Of the 5,290 patients, 2,910 (55%) underwent RRM and 2,782 (52.5%) RRSO, with 1,804 women (34.1%) undergoing both. It is not described what surveillance or counselling the no-RRM or no-RRSO groups received, apart from follow-up being performed in accordance with the clinical practice of the local centre. OS was significantly better in the RRM group compared to the no-RRM group [adjusted hazard ratio (HR) =0.65; 95% confidence interval (CI): 0.53–0.78], irrespective of BRCA gene, age at diagnosis, tumour subtype, size, nodal status, chemotherapy use, or timing of BRCA testing. DFS, breast cancer-free interval, and reduced incidence of second breast cancers were also significantly better in the RRM group compared to the no-RRM group.
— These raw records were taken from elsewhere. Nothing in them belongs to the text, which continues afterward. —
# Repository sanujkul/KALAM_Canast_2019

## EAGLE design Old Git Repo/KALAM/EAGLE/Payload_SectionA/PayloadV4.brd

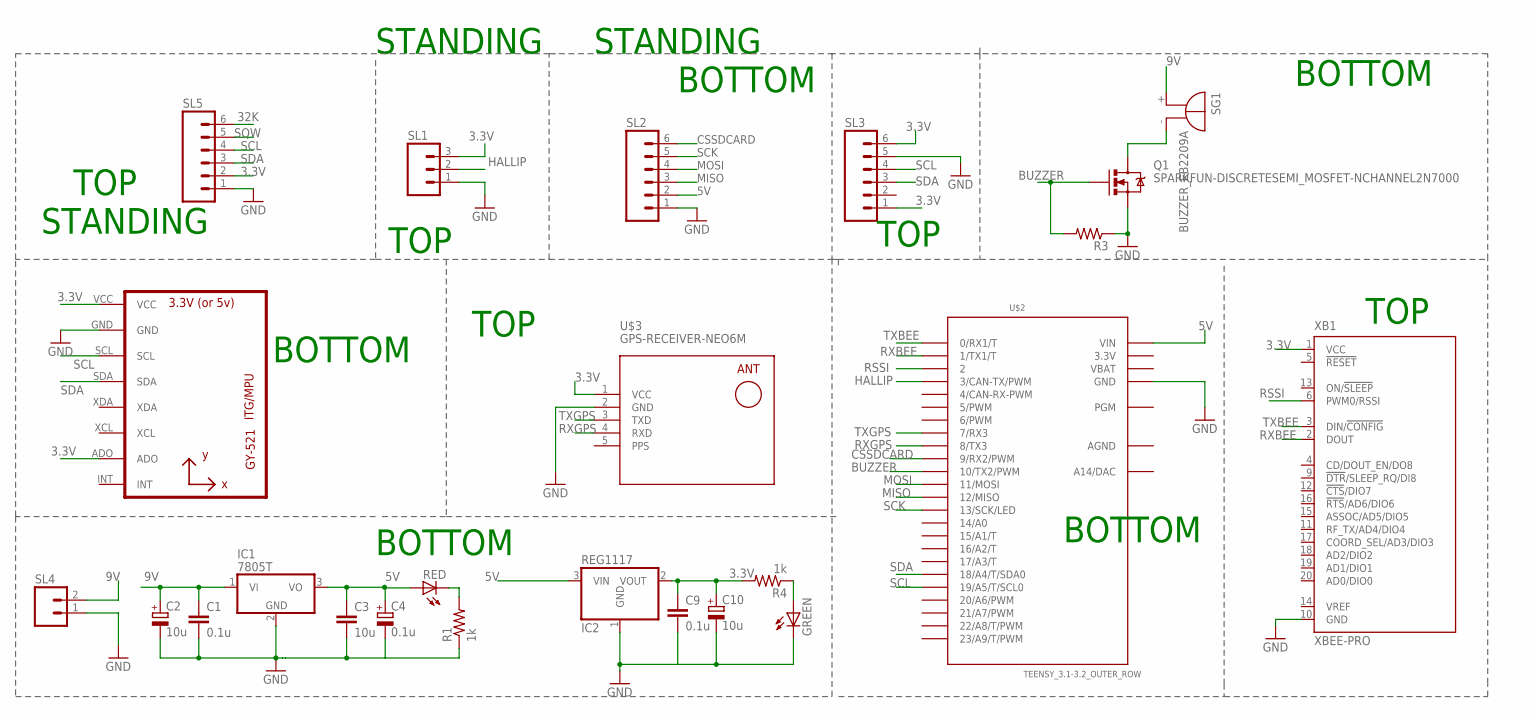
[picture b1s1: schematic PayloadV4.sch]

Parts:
C1, C9: 0.1u; C025-025X050
C2, C10: 10u; E2,5-6
C3: 10u; C025-025X050
C4: 0.1u; E2,5-6
GREEN: red; LED3MM
IC1: 7805T; TO220H
IC2: REG1117; SOT223
Q1: SPARKFUN-DISCRETESEMI_MOSFET-NCHANNEL2N7000; SPARKFUN-DISCRETESEMI_TO-92
R1, R4: 1k; 0204/7
R3: R-US_0204/7; 0204/7
RED: red; LED3MM
SG1: BUZZER_EB2209A
SL1: M03; 03P
SL2, SL3, SL5: M06; 06P
SL4: M02; 02P
U1: GY-521MPU6050; GY-521
U$2: TEENSY_3.1-3.2_OUTER_ROW; TEENSY_3.0-3.2&LC_OUTER_ROW
U$3: GPS-RECEIVER-NEO6M
XB1: XBEE-PRO

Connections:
3.3V: C9.1, C10.+, IC2.2 (VOUT), R4.2, SL1.3, SL3.1, SL3.6, SL5.2, U1.ADO, U1.VCC, U$2.3.3V, U$2.3.3V1 (3.3V), U$3.1 (VCC), XB1.1 (VCC)
5V: C3.1, C4.+, IC1.3 (VO), IC2.3 (VIN), RED.A, SL2.2, U$2.VIN
9V: C1.1, C2.+, IC1.1 (VI), SG1.+, SL4.2
32K: SL5.6
AGND: U$2.AGND
BUZZER: Q1.2 (G), R3.2, U$2.10 (10/TX2/PWM)
CSSDCARD: SL2.6, U$2.9 (9/RX2/PWM)
GND: C1.2, C2.-, C3.2, C4.-, C9.2, C10.-, GREEN.K (C), IC1.2 (GND), IC2.1 (GND), Q1.1 (S), R1.1, R3.1, SL1.1, SL2.1, SL3.5, SL4.1, SL5.1, U1.GND, U$2.GND, U$2.GND1 (GND), U$3.2 (GND), XB1.10 (GND)
HALLIP: SL1.2, U$2.3 (3/CAN-TX/PWM)
MISO: SL2.3, U$2.12 (12/MISO)
MOSI: SL2.4, U$2.11 (11/MOSI)
unnamed: R1.2, RED.K (C)
unnamed: GREEN.A, R4.1
unnamed: Q1.3 (D), SG1.-
PPS: U$3.5 (PPS)
RSSI: U$2.2, XB1.6 (PWM0/RSSI)
RXBEE: U$2.1 (1/TX1/T), XB1.2 (DOUT)
RXGPS: U$2.8 (8/TX3), U$3.4 (RXD)
SCK: SL2.5, U$2.13 (13/SCK/LED)
SCL: SL3.4, SL5.4, U1.SCL, U$2.19/A5 (19/A5/T/SCL0)
SDA: SL3.3, SL5.3, U1.SDA, U$2.18/A4 (18/A4/T/SDA0)
SQW: SL5.5
TXBEE: U$2.0 (0/RX1/T), XB1.3 (DIN/!CONFIG)
TXGPS: U$2.7 (7/RX3), U$3.3 (TXD)
VBAT: U$2.VBAT

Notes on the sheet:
TOP
BOTTOM
STANDING

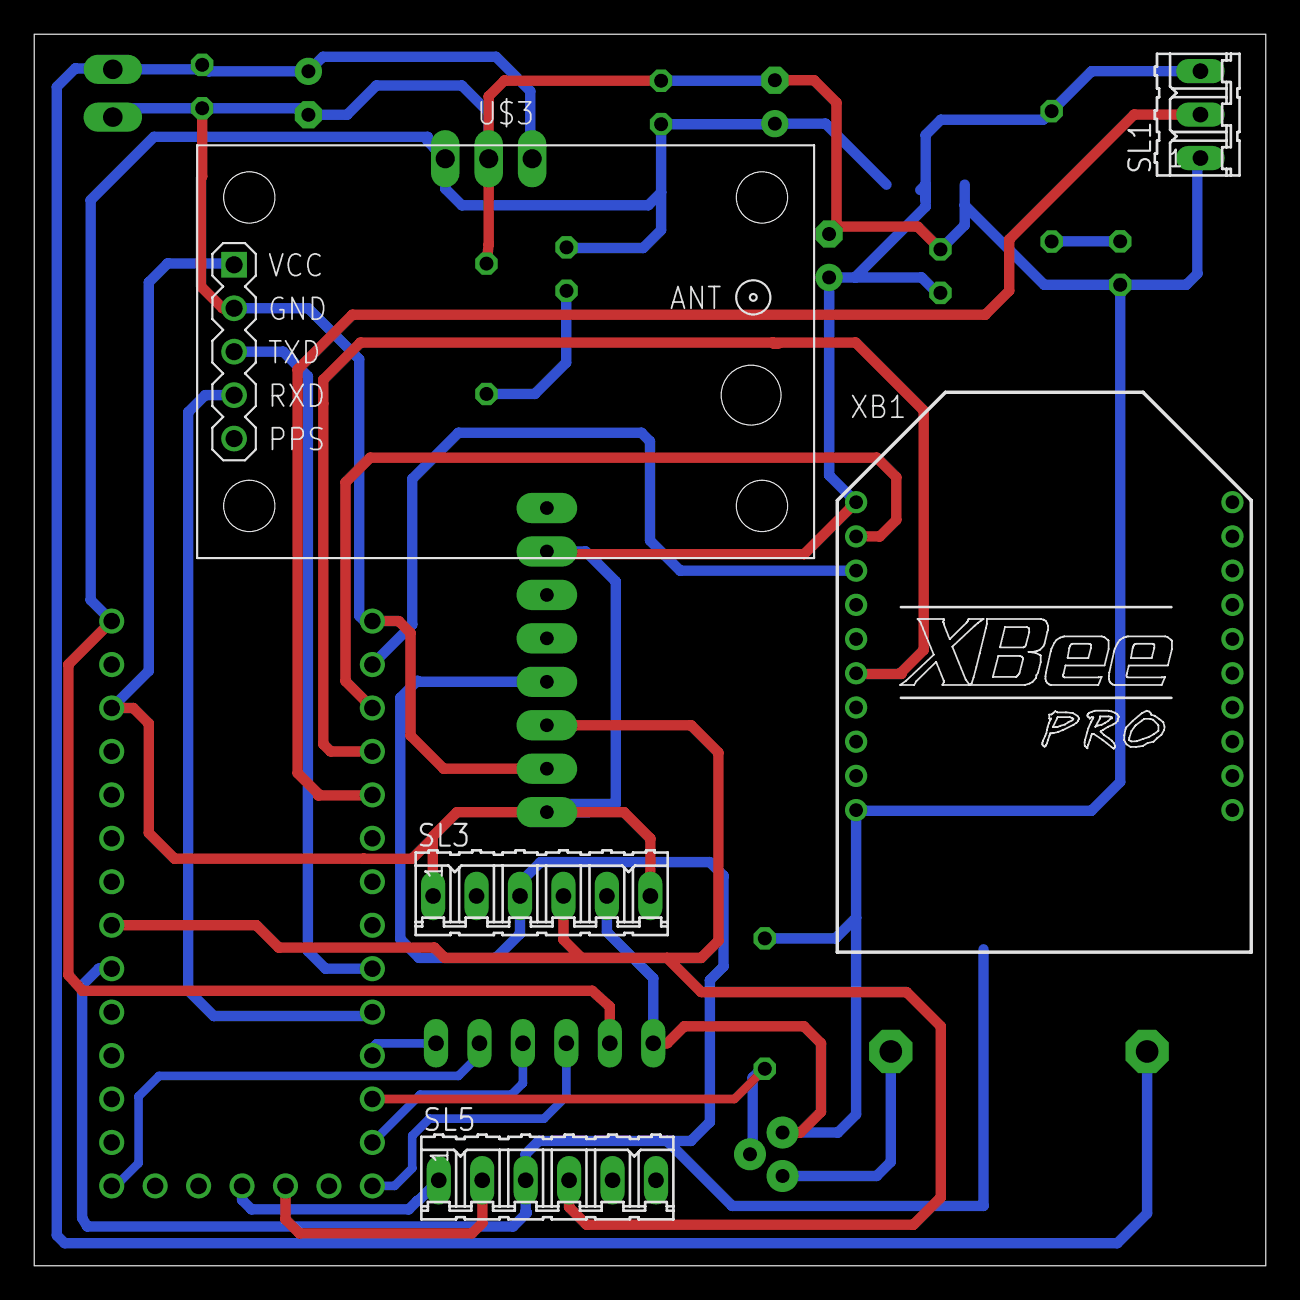
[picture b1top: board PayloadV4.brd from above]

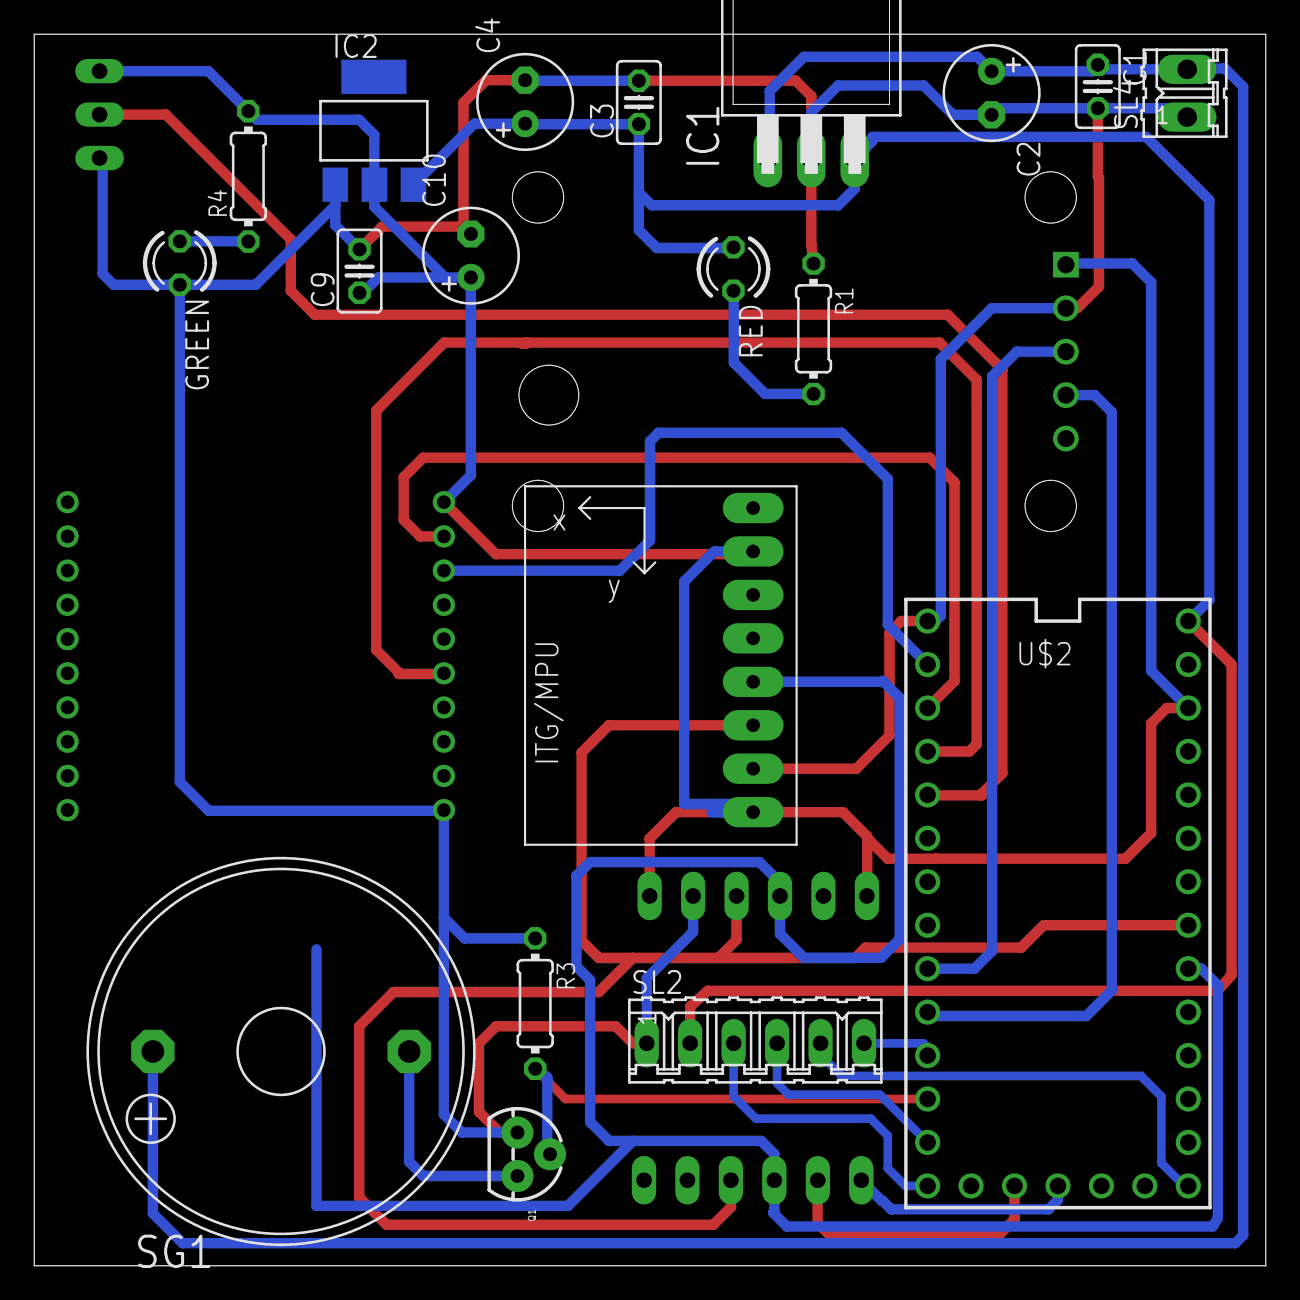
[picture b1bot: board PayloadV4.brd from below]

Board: 2 copper layers, 72.0 x 72.0 mm, 24 parts (19 on the bottom side), 20 nets.

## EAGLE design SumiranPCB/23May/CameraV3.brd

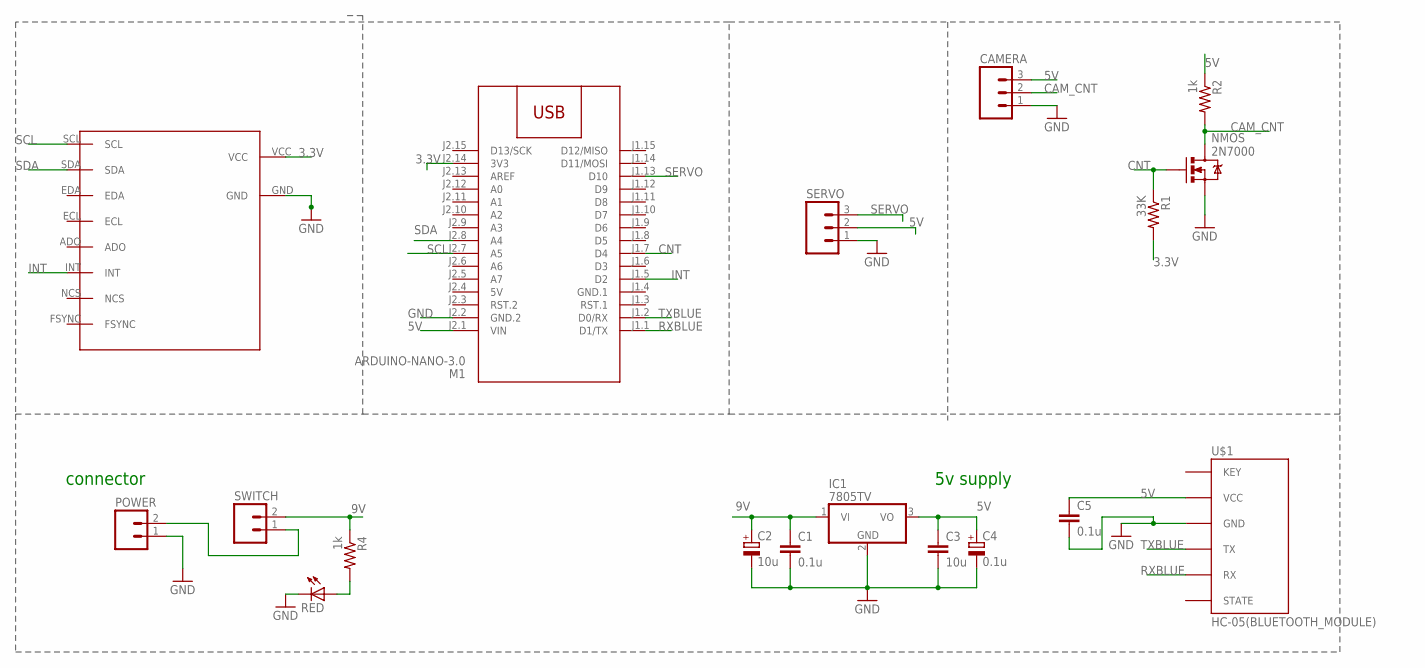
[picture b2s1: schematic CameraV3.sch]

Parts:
C1, C5: 0.1u; C025-025X050
C2: 10u; E2,5-6
C3: 10u; C025-025X050
C4: 0.1u; E2,5-6
CAMERA: CON-AMP-QUICK_M03; CON-AMP-QUICK_03P
IC1: 7805TV; TO220V
M1: ARDUINO-NANO-3.0
POWER: CEDT_JANUARY_2015_V5_M02; CEDT_JANUARY_2015_V5_02P
Q1: SPARKFUN-DISCRETESEMI_MOSFET-NCHANNEL2N7000; SPARKFUN-DISCRETESEMI_TO-92
R1: 33K; 0204/7
R2, R4: 1k; 0204/7
RED: red; LED3MM
SERVO: CON-AMP-QUICK_M03; CON-AMP-QUICK_03P
SWITCH: M02; 02P
U$1: HC-05(BLUETOOTH_MODULE); HC-05
U$2: MPU9250

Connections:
3.3V: M1.J2.14 (3V3), R1.2, U$2.VCC
5V: C3.1, C4.+, C5.1, CAMERA.3, IC1.3 (VO), M1.J2.1 (VIN), M1.J2.4 (5V), R2.1, SERVO.2, U$1.VCC
9V: C1.1, C2.+, IC1.1 (VI), R4.1, SWITCH.2
CAM_CNT: CAMERA.2, Q1.3 (D), R2.2
CNT: M1.J1.7 (D4), Q1.2 (G), R1.1
GND: C1.2, C2.-, C3.2, C4.-, C5.2, CAMERA.1, IC1.2 (GND), M1.J2.2 (GND.2), POWER.1, Q1.1 (S), RED.K (C), SERVO.1, U$1.GND, U$2.GND
GND.1: M1.J1.4 (GND.1)
INT: M1.J1.5 (D2), U$2.INT
unnamed: POWER.2, SWITCH.1
unnamed: R4.2, RED.A
RXBLUE: M1.J1.1 (D1/TX), U$1.RX
SCL: M1.J2.7 (A5), U$2.SCL
SDA: M1.J2.8 (A4), U$2.SDA
SERVO: M1.J1.13 (D10), SERVO.3
TXBLUE: M1.J1.2 (D0/RX), U$1.TX

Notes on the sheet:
connector
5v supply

The relative reduction of 35% is far greater than predicted by a simulated analysis assuming a 2% incidence of contralateral breast cancer in the no-RRM group (2). It is unfortunate that the authors did not provide the number of contralateral breast cancers experienced in the women in their study, with and without RRM, nor were the causes of death shown. Although they employed models that adjusted for the timing of surgery and genetic testing, there may still have been a survival bias. For instance, patients with co-morbid conditions that could contribute to mortality would be predicted to be less likely to opt for risk-reducing surgery, as well as those that developed metastatic disease during follow-up.

OS was significantly better in the RRSO group compared to no-RRSO (adjusted HR =0.58; 95% CI: 0.48–0.71). This was most significant in the BRCA1-heterozygotes and patients with triple-negative breast cancer (TNBC). DFS, breast cancer-free interval, and reduced incidence of ovarian or fallopian tube cancers were also significantly better in the RRSO group compared to the no-RRSO group. This effect was partially attenuated in the sensitivity analysis that only included women tested for BRCA before or at diagnosis (HR =0.70; 95% CI: 0.49–1.01), suggesting there may be some survival bias at play. The effect of RRM and RRSO appeared to be independent in terms of impact on OS, but not on breast cancer-free interval or DFS, suggesting, understandably, that the addition of RRM to patients having RRSO was impactful in terms of breast-specific disease.

Taking this data at face value, the OS advantage of RRM seems modest after 20 years of overall follow-up, and a median follow-up of 8.2 years per woman, leading to only an average of 1 year advantage of OS in women with young-onset breast cancer. Given that the median time of RRM following breast diagnosis itself was 0.8 years, it is unclear how much the RRM contributed to the better OS despite the conclusions presented. The findings of RRM resulting in improved breast cancer DFS and secondary events having a 4-year advantage when compared with the OS figure of 1 year also raise the question of lead-time bias—does the RRM delay recurrence but not death? Alternatively, there may be competing mortality risks; however, given the young age of this cohort, this is less likely.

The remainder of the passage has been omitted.